スタメン9人中7人が浪人…20人投入の法大に12人で戦い抜いた東大

(中)辻居(2年=栄光学園)
(三)山下朋(2年=東海)
(左)楠田(4年=桐朋)
(一)田口(4年=西大和学園)
(遊)山田(4年=桐朋)
(二)新堀(2年=麻布)
(捕)三鍋(3年=川和)
(右)杉本(3年=金沢泉丘)
(投)濱崎(2年=鶴丸)

 当然、甲子園出場経験者はゼロ。出身校で名前を聞く機会があるのは、野球ではなく、進学校としてだろう。東京の私立御三家の麻布出身の新堀を筆頭に名門校がズラリ。とはいえ、9人中7人が浪人経験者。

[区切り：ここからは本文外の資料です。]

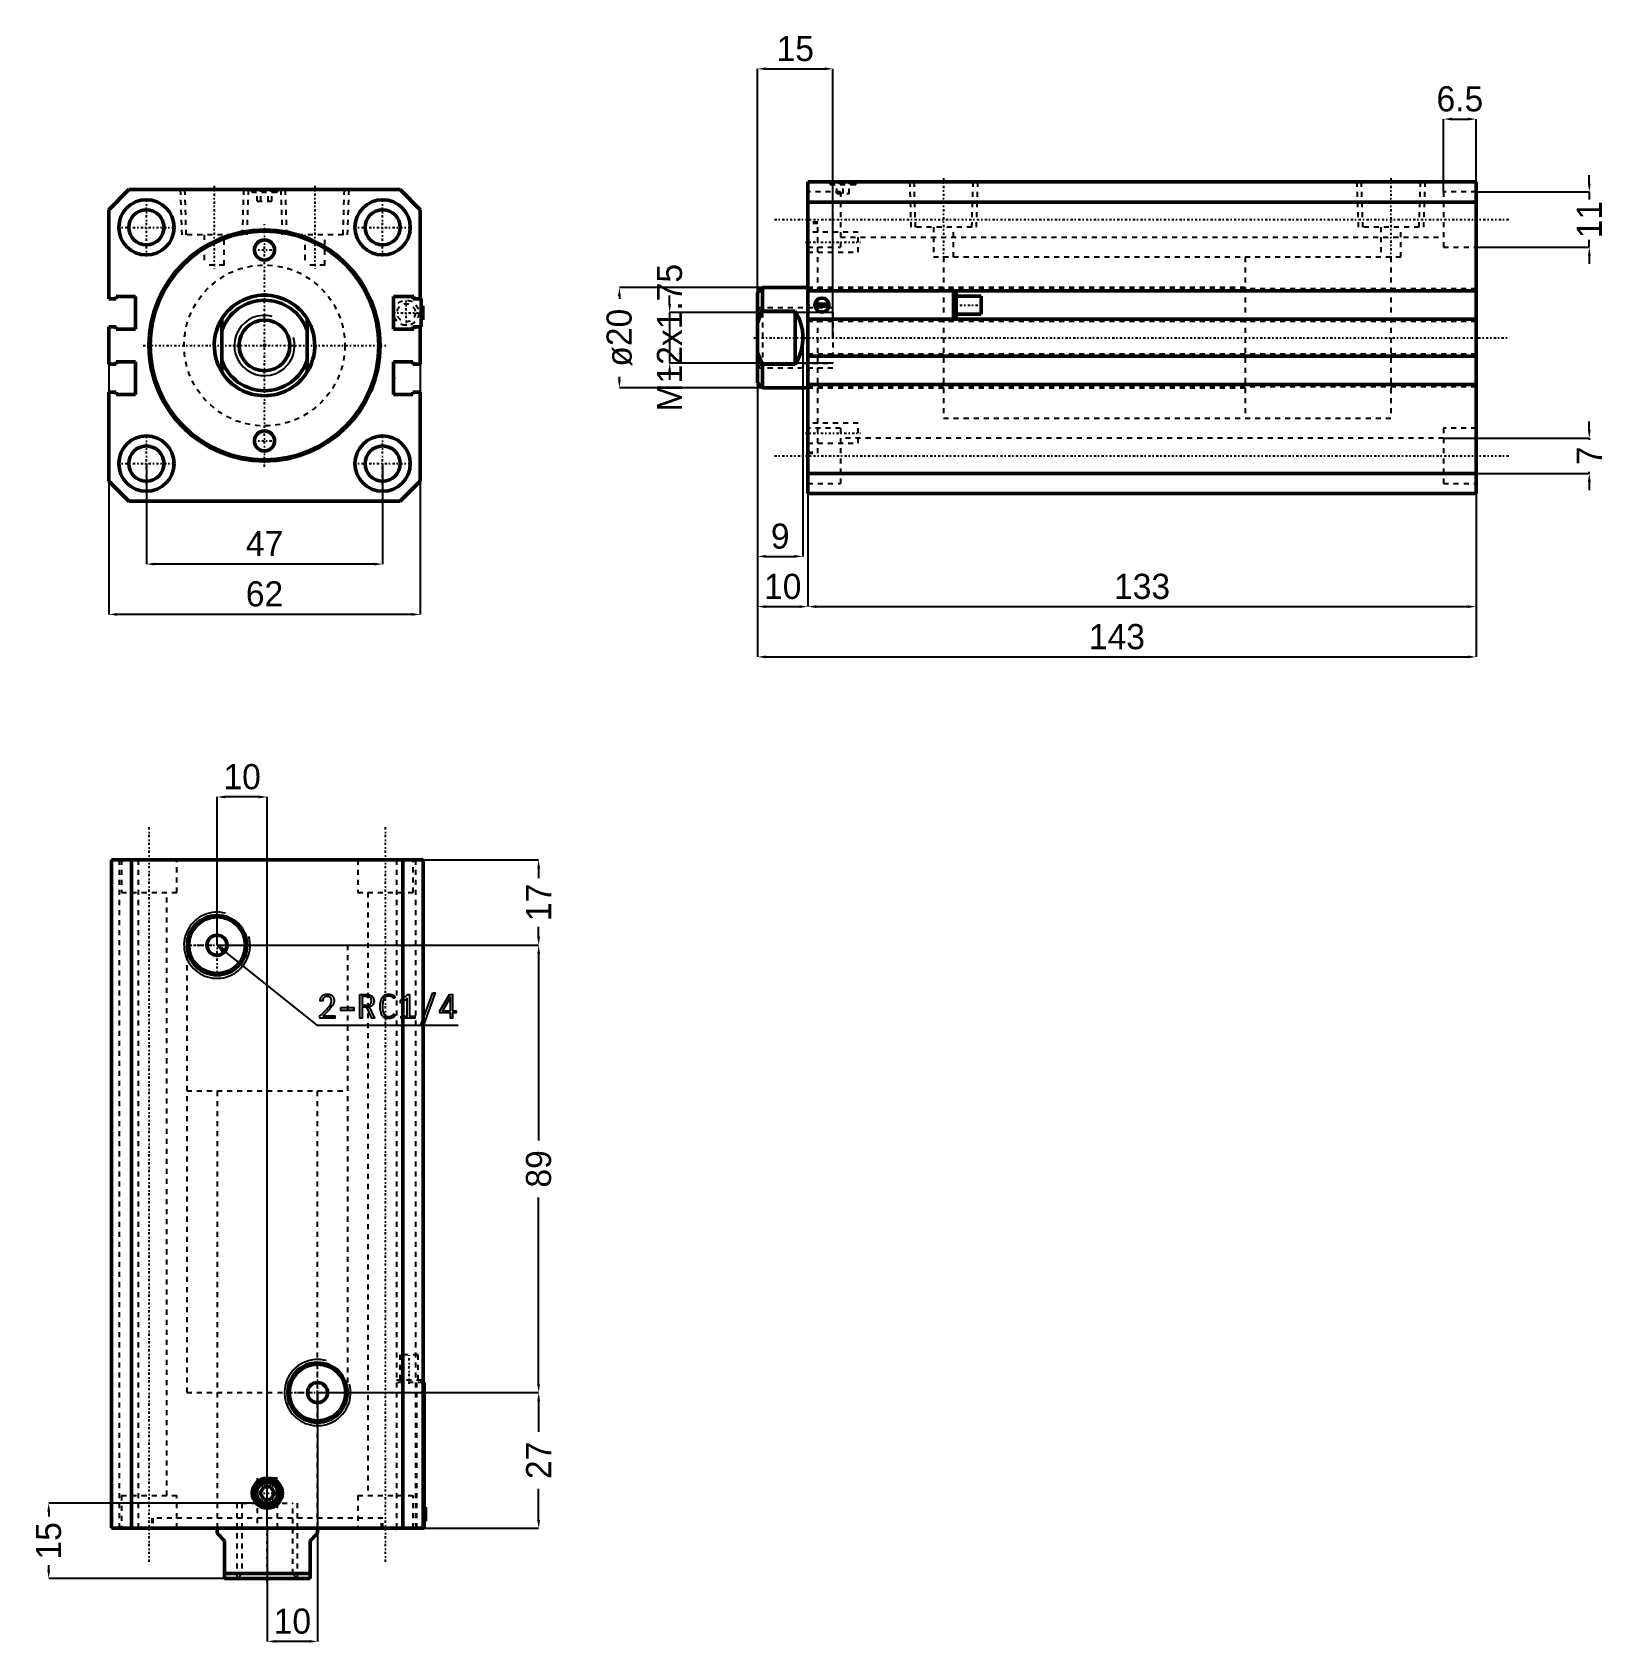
# Model space of a CAD drawing. Header units: millimetres. Extents: x -46 to 267, y -258 to 62.
import ezdxf

# ---------------------------------------------------------------- set-up
doc = ezdxf.new("R2010")
doc.units = ezdxf.units.MM
doc.linetypes.add('Center', pattern=[1.5, 0.45, -0.5, 0.05, -0.5])
doc.linetypes.add('Dashed', pattern=[2, 1, -1])
for name, color, linetype, lineweight in [('2d ConnectionPoints', 7, 'Continuous', 50), ('AM_0', 7, 'Continuous', 50), ('AM_5', 3, 'Continuous', 25), ('AM_7', 7, 'Center', 25), ('AM_9', 6, 'Dashed', 25)]:
    doc.layers.add(name, color=color, linetype=linetype, lineweight=lineweight)
doc.dimstyles.new('ISO-25', dxfattribs={"dimtxt": 2.5, "dimasz": 2.5, "dimexe": 1.25, "dimexo": 0.625, "dimtad": 1, "dimtxsty": 'Standard', "dimcen": 2.5, "dimadec": 0, "dimazin": 0, "dimtfac": 1, "dimtmove": 0, "dimatfit": 3, "dimfxl": 1, "dimarcsym": 0})

# ---------------------------------------------------------------- blocks, each defined once
blk = doc.blocks.new('1_RODmgcxhc_a_sd_32_60__IN_0_in_MGCXHC_A_IN_SD_32_60ST_Tx1_0__0')
at = {"layer": 'AM_0'}
for p, q in [((-8.5, -5.27), (-8.5, 5.27)), ((8.5, 5.27), (8.5, -5.27))]:
    blk.add_line(p, q, dxfattribs=at)
for points in [[(-8.5, 5.27), (-8.93, 4.51), (-9.29, 3.71), (-9.57, 2.89), (-9.79, 2.04), (-9.93, 1.18), (-10, 0.31), (-9.98, -0.56), (-9.9, -1.43), (-9.74, -2.29), (-9.5, -3.13), (-9.19, -3.94), (-8.81, -4.73), (-8.5, -5.27)], [(8.5, -5.27), (8.93, -4.51), (9.29, -3.71), (9.57, -2.89), (9.79, -2.04), (9.93, -1.18), (10, -0.31), (9.98, 0.56), (9.9, 1.43), (9.74, 2.29), (9.5, 3.13), (9.19, 3.94), (8.81, 4.73), (8.5, 5.27)]]:
    blk.add_lwpolyline(points, dxfattribs=at)
blk.add_circle((0, 0), 5.05, dxfattribs=at)
for radius, start, end in [(10, 31.7883, 148.2117), (9, 19.1881, 160.8119), (9, 199.1881, 340.8119), (10, 211.7883, 328.2117)]:
    blk.add_arc((0, 0), radius, start, end, dxfattribs=at)
at = {"layer": 'AM_5'}
blk.add_arc((0, 0), 6, 75, 15, dxfattribs=at)
blk = doc.blocks.new('2_JFS_04MGCXHC_0_in_MGCXHC_A_IN_SD_32_60ST_Tx1_0__0')
at = {"layer": 'AM_0'}
for p, q in [((29.7, 9.75), (25.7, 9.75)), ((25.7, 9.75), (25.7, 3.25)), ((29.7, 9.3), (29.7, 9.75)), ((31.2, 9.3), (29.7, 9.3)), ((31.2, 3.7), (31.2, 9.3)), ((31.5, 7.9), (31.2, 7.9)), ((31.5, 5.1), (31.5, 7.9)), ((25.7, 3.25), (29.7, 3.25)), ((29.7, 3.25), (29.7, 3.7)), ((29.7, 3.7), (31.2, 3.7)), ((31.2, 5.1), (31.5, 5.1))]:
    blk.add_line(p, q, dxfattribs=at)
at = {"layer": 'AM_7'}
for p, q in [((25.575, 6.5), (30.825, 6.5)), ((28.2, 3.875), (28.2, 9.125)), ((31.515, 6.5), (31.185, 6.5))]:
    blk.add_line(p, q, dxfattribs=at)
at = {"layer": 'AM_9'}
for p, q in [((31.3, 6.7), (31.5, 6.7)), ((31.3, 6.7), (31.3, 6.3)), ((31.3, 6.3), (31.5, 6.3))]:
    blk.add_line(p, q, dxfattribs=at)
for radius in [2.5, 1.8]:
    blk.add_circle((28.2, 6.5), radius, dxfattribs=at)
blk = doc.blocks.new('3_bodymgcxhc_a_sd_32_60_0_in_MGCXHC_A_IN_SD_32_60ST_Tx1_0__0')
at = {"layer": 'AM_0'}
for p, q in [((-27, 31), (-31, 27)), ((27, 31), (-27, 31)), ((31, 27), (27, 31)), ((-31, 27), (-31, 9.3)), ((31, 9.3), (31, 27)), ((-29.5, 9.75), (-25.7, 9.75)), ((-29.5, 9.3), (-29.5, 9.75)), ((-25.7, 9.75), (-25.7, 3.25)), ((25.7, 3.25), (25.7, 9.75)), ((25.7, 9.75), (29.5, 9.75)), ((29.5, 9.75), (29.5, 9.3)), ((-31, 9.3), (-29.5, 9.3)), ((29.5, 9.3), (31, 9.3)), ((-31, 3.7), (-31, -3.7)), ((-29.5, 3.7), (-31, 3.7)), ((-29.5, 3.25), (-29.5, 3.7)), ((-25.7, 3.25), (-29.5, 3.25)), ((29.5, 3.25), (25.7, 3.25)), ((31, 3.7), (29.5, 3.7)), ((29.5, 3.7), (29.5, 3.25)), ((31, -3.7), (31, 3.7)), ((-31, -3.7), (-29.5, -3.7)), ((-29.5, -3.7), (-29.5, -3.25)), ((-29.5, -3.25), (-25.7, -3.25)), ((-25.7, -3.25), (-25.7, -9.75)), ((25.7, -9.75), (25.7, -3.25)), ((25.7, -3.25), (29.5, -3.25)), ((29.5, -3.25), (29.5, -3.7)), ((29.5, -3.7), (31, -3.7)), ((-31, -9.3), (-31, -27)), ((-29.5, -9.3), (-31, -9.3)), ((-29.5, -9.75), (-29.5, -9.3)), ((29.5, -9.3), (29.5, -9.75)), ((31, -9.3), (29.5, -9.3)), ((31, -27), (31, -9.3)), ((-25.7, -9.75), (-29.5, -9.75)), ((29.5, -9.75), (25.7, -9.75)), ((-31, -27), (-27, -31)), ((27, -31), (31, -27)), ((-27, -31), (27, -31))]:
    blk.add_line(p, q, dxfattribs=at)
for centre, radius in [((-23.5, 23.5), 5.5), ((23.5, 23.5), 5.5), ((-23.5, 23.5), 3.5), ((23.5, 23.5), 3.5), ((0, 0), 23), ((0, 0), 22.75), ((0, 19), 2), ((-23.5, -23.5), 5.5), ((0, -19), 2), ((23.5, -23.5), 5.5), ((-23.5, -23.5), 3.5), ((23.5, -23.5), 3.5)]:
    blk.add_circle(centre, radius, dxfattribs=at)
at = {"layer": 'AM_5', "linetype": 'Dashed'}
for p, q in [((-16.77, 31), (-16.48, 22)), ((-3.23, 31), (-3.52, 22)), ((3.23, 31), (3.52, 22)), ((16.77, 31), (16.48, 22))]:
    blk.add_line(p, q, dxfattribs=at)
at = {"layer": 'AM_7'}
for p, q in [((-23.5, 17.73), (-23.5, 29.27)), ((-10, 31.75), (-10, 15.25)), ((0, 31.03), (0, 30.37)), ((10, 31.75), (10, 15.25)), ((23.5, 17.73), (23.5, 29.27)), ((-29.27, 23.5), (-17.73, 23.5)), ((0, -24.15), (0, 24.15)), ((17.73, 23.5), (29.27, 23.5)), ((-2.1, 19), (2.1, 19)), ((-24.15, 0), (24.15, 0)), ((-23.5, -29.27), (-23.5, -17.73)), ((-2.1, -19), (2.1, -19)), ((23.5, -29.27), (23.5, -17.73)), ((-29.27, -23.5), (-17.73, -23.5)), ((17.73, -23.5), (29.27, -23.5))]:
    blk.add_line(p, q, dxfattribs=at)
at = {"layer": 'AM_9'}
for p, q in [((-15.91, 31), (-15.63, 22)), ((-4.37, 22), (-4.09, 31)), ((-3, 31), (-2.4, 30.4)), ((-2.1, 30.7), (-2.4, 30.4)), ((2.4, 30.4), (-2.4, 30.4)), ((2.1, 30.7), (-2.1, 30.7)), ((-1.44, 28.7), (-1.44, 30.7)), ((-0.72, 28.7), (-0.72, 30.7)), ((0.72, 28.7), (0.72, 30.7)), ((1.44, 28.7), (1.44, 30.7)), ((2.4, 30.4), (2.1, 30.7)), ((2.4, 30.4), (3, 31)), ((4.09, 31), (4.37, 22)), ((15.63, 22), (15.91, 31)), ((-1.44, 28.7), (1.44, 28.7)), ((-4.37, 22), (-15.63, 22)), ((-12, 22), (-12, 16)), ((-8, 16), (-8, 22)), ((15.63, 22), (4.37, 22)), ((8, 22), (8, 16)), ((12, 16), (12, 22)), ((-8, 16), (-12, 16)), ((12, 16), (8, 16))]:
    blk.add_line(p, q, dxfattribs=at)
blk.add_circle((0, 0), 16, dxfattribs=at)
blk = doc.blocks.new('*D4')
at = {"layer": 'AM_5', "color": 0, "lineweight": -2}
for p, q in [((-23.5, -23.5), (-23.5, -43.5)), ((23.5, -23.5), (23.5, -43.5)), ((21.83, -43.5), (-21.83, -43.5))]:
    blk.add_line(p, q, dxfattribs=at)
at = {"layer": 'AM_5', "color": 0}
for points in [[(-21.83, -43.22), (-21.83, -43.78), (-23.5, -43.5)], [(21.83, -43.78), (21.83, -43.22), (23.5, -43.5)]]:
    blk.add_solid(points, dxfattribs=at)
at = {"layer": 'Defpoints', "color": 0}
for p in [(-23.5, -23.5), (23.5, -23.5), (-23.5, -43.5)]:
    blk.add_point(p, dxfattribs=at)
at = {"layer": 'AM_5', "color": 0, "insert": (0, -39.41), "char_height": 5, "attachment_point": 5}
blk.add_mtext('47', dxfattribs=at)
blk = doc.blocks.new('*D5')
at = {"layer": 'AM_5', "color": 0, "lineweight": -2}
for p, q in [((-31, 0), (-31, -53.5)), ((31, 0), (31, -53.5)), ((29.33, -53.5), (-29.33, -53.5))]:
    blk.add_line(p, q, dxfattribs=at)
at = {"layer": 'AM_5', "color": 0}
for points in [[(-29.33, -53.22), (-29.33, -53.78), (-31, -53.5)], [(29.33, -53.78), (29.33, -53.22), (31, -53.5)]]:
    blk.add_solid(points, dxfattribs=at)
at = {"layer": 'Defpoints', "color": 0}
for p in [(-31, 0), (31, 0), (-31, -53.5)]:
    blk.add_point(p, dxfattribs=at)
at = {"layer": 'AM_5', "color": 0, "insert": (0, -49.45), "char_height": 5, "attachment_point": 5}
blk.add_mtext('62', dxfattribs=at)
blk = doc.blocks.new('1_RODmgcxhc_a_sd_32_60__IN_0_in_MGCXHC_A_IN_SD_32_60ST_Tx1_0__2')
at = {"layer": 'AM_0'}
for p, q in [((-9, 10), (-10, 9)), ((0, 10), (-9, 10)), ((-9, 10), (-9, 5.27)), ((-10, 9), (-10, -9)), ((-2.5, 5.27), (-9, 5.27)), ((-2.5, 5.27), (-2.5, -5.27)), ((-9, -5.27), (-2.5, -5.27)), ((-9, -5.27), (-9, -10)), ((-10, -9), (-9, -10)), ((-9, -10), (0, -10))]:
    blk.add_line(p, q, dxfattribs=at)
for points in [[(-9, 5.27), (-9.55, 4.14), (-10, 2.96)], [(-2.5, -5.27), (-2.07, -4.51), (-1.71, -3.71), (-1.43, -2.89), (-1.21, -2.04), (-1.07, -1.18), (-1, -0.31), (-1.02, 0.56), (-1.1, 1.43), (-1.26, 2.29), (-1.5, 3.13), (-1.81, 3.94), (-2.19, 4.73), (-2.5, 5.27)], [(-10, -2.96), (-9.55, -4.13), (-9, -5.27)]]:
    blk.add_lwpolyline(points, dxfattribs=at)
at = {"layer": 'AM_5', "linetype": 'Dashed'}
for p, q in [((-10, 6), (5, 6)), ((-10, -6), (5, -6))]:
    blk.add_line(p, q, dxfattribs=at)
at = {"layer": 'AM_9'}
for p, q in [((116, 16), (87, 16)), ((87, 16), (87, -16)), ((116, 16), (116, -16)), ((87, 10), (0, 10)), ((-9.05, 5.05), (-10, 6)), ((5, 5.05), (-9.05, 5.05)), ((-9.05, 5.05), (-9.05, -5.05)), ((5, 5.05), (5, -5.05)), ((-10, -6), (-9.05, -5.05)), ((-9.05, -5.05), (5, -5.05)), ((0, -10), (87, -10)), ((87, -16), (116, -16))]:
    blk.add_line(p, q, dxfattribs=at)
blk = doc.blocks.new('2_JFS_04MGCXHC_0_in_MGCXHC_A_IN_SD_32_60ST_Tx1_0__2')
at = {"layer": 'AM_0'}
for p, q in [((0, 3.7), (0, 9.3)), ((29, 9.3), (0, 9.3)), ((4.16, 6.7), (1.44, 6.7)), ((29, 3.7), (29, 9.3)), ((29.5, 9), (29, 9)), ((29.5, 4), (29.5, 9)), ((34.5, 8.3), (29.5, 8.3)), ((34.5, 4.7), (34.5, 8.3)), ((29, 3.7), (0, 3.7)), ((1.44, 6.3), (4.16, 6.3)), ((29, 4), (29.5, 4)), ((29.5, 4.7), (34.5, 4.7))]:
    blk.add_line(p, q, dxfattribs=at)
blk.add_circle((2.8, 6.5), 1.4, dxfattribs=at)
for radius, start, end in [(1.37, 171.6364, 188.3636), (1.38, 351.6364, 8.3636)]:
    blk.add_arc((2.8, 6.5), radius, start, end, dxfattribs=at)
at = {"layer": 'AM_7'}
for p, q in [((1.33, 6.5), (4.27, 6.5)), ((2.8, 5.03), (2.8, 7.97)), ((28.72, 6.5), (34.78, 6.5))]:
    blk.add_line(p, q, dxfattribs=at)
at = {"layer": 'AM_9'}
for p, q in [((29, 9.75), (0, 9.75)), ((29, 9.3), (29, 9.75)), ((29, 3.25), (0, 3.25)), ((29, 3.25), (29, 3.7))]:
    blk.add_line(p, q, dxfattribs=at)
blk = doc.blocks.new('3_bodymgcxhc_a_sd_32_60_0_in_MGCXHC_A_IN_SD_32_60ST_Tx1_0__2')
at = {"layer": 'AM_0'}
for p, q in [((0, 9.3), (0, 31)), ((133, 31), (0, 31)), ((133, -31), (133, 31)), ((133, 27), (0, 27)), ((133, 9.3), (29, 9.3)), ((0, -31), (0, 3.7)), ((133, 3.7), (29, 3.7)), ((133, -3.7), (0, -3.7)), ((133, -9.3), (0, -9.3)), ((133, -27), (0, -27)), ((133, -31), (0, -31))]:
    blk.add_line(p, q, dxfattribs=at)
at = {"layer": 'AM_5', "linetype": 'Dashed'}
for p, q in [((20.23, 31), (20.52, 22)), ((33.77, 31), (33.48, 22)), ((109.23, 31), (109.52, 22)), ((122.77, 31), (122.48, 22))]:
    blk.add_line(p, q, dxfattribs=at)
at = {"layer": 'AM_7'}
for p, q in [((7, 31.03), (7, 30.37)), ((27, 31.75), (27, 15.25)), ((116, 31.75), (116, 15.25)), ((-6.65, 23.5), (139.65, 23.5)), ((-0.5, 19), (10.5, 19)), ((-10.75, 0), (139.65, 0)), ((-0.5, -19), (10.5, -19)), ((-6.65, -23.5), (139.65, -23.5))]:
    blk.add_line(p, q, dxfattribs=at)
at = {"layer": 'AM_9'}
for p, q in [((6.5, 29), (0, 29)), ((4, 31), (4.6, 30.4)), ((4.9, 30.7), (4.6, 30.4)), ((9.4, 30.4), (4.6, 30.4)), ((9.1, 30.7), (4.9, 30.7)), ((5.75, 28.7), (5.75, 30.7)), ((6.5, 29), (6.5, 18)), ((7, 28.7), (7, 30.7)), ((8.25, 28.7), (8.25, 30.7)), ((9.4, 30.4), (9.1, 30.7)), ((9.4, 30.4), (10, 31)), ((21.09, 31), (21.37, 22)), ((32.63, 22), (32.91, 31)), ((110.09, 31), (110.37, 22)), ((121.63, 22), (121.91, 31)), ((133, 29), (126.5, 29)), ((126.5, 29), (126.5, 18)), ((5.75, 28.7), (8.25, 28.7)), ((2, 23), (0, 23)), ((2, 22.75), (0, 22.75)), ((2, -23), (2, 23)), ((10, 21), (0, 21)), ((6.5, 20), (126.5, 20)), ((10, 17), (10, 21)), ((32.63, 22), (21.37, 22)), ((25, 22), (25, 16)), ((29, 16), (29, 22)), ((121.63, 22), (110.37, 22)), ((114, 22), (114, 16)), ((118, 16), (118, 22)), ((0, 18), (6.5, 18)), ((0, 17), (10, 17)), ((126.5, 18), (133, 18)), ((118, 16), (25, 16)), ((27, 16), (27, -16)), ((116, 16), (116, -16)), ((27, 10), (0, 10)), ((133, 9.75), (29, 9.75)), ((133, 3.25), (29, 3.25)), ((133, -3.25), (0, -3.25)), ((133, -9.75), (0, -9.75)), ((0, -10), (27, -10)), ((27, -16), (116, -16)), ((10, -17), (0, -17)), ((6.5, -18), (0, -18)), ((6.5, -18), (6.5, -29)), ((10, -21), (10, -17)), ((133, -18), (126.5, -18)), ((126.5, -18), (126.5, -29)), ((0, -21), (10, -21)), ((126.5, -20), (6.5, -20)), ((0, -22.75), (2, -22.75)), ((0, -23), (2, -23)), ((0, -29), (6.5, -29)), ((126.5, -29), (133, -29))]:
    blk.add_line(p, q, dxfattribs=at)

3番・楠田は慶大で“仮面浪人”を経て1浪、4番・田口は2浪して現在24歳の4年生というキャリアも対照的だ。

 スポーツ推薦枠が15人ほどある法大に対し、猛勉強で受験戦争を勝ち抜いた東大は1年春は落ちた体力を取り戻すことから始まる。この日は豊富な選手層で20人を投入した相手に対し、東大はプロ志望届を提出した宮台康平投手(4年=湘南)らを投入したが、野手は1人のみの交代で計12人で戦い抜いた。

 15年春にリーグ記録の94連敗を止めた当時の相手も法大。ただ、白星を挙げても「(2勝1敗で勝ち点を得る)3試合を戦う体力がない」と浜田監督が話してきた。以来、体力強化に努め、2連勝で掴んだ勝ち点でもあった。そうなると、次なる目標は39季連続最下位からの脱出。赤門軍団の戦いは、さらに熱を帯びそうだ。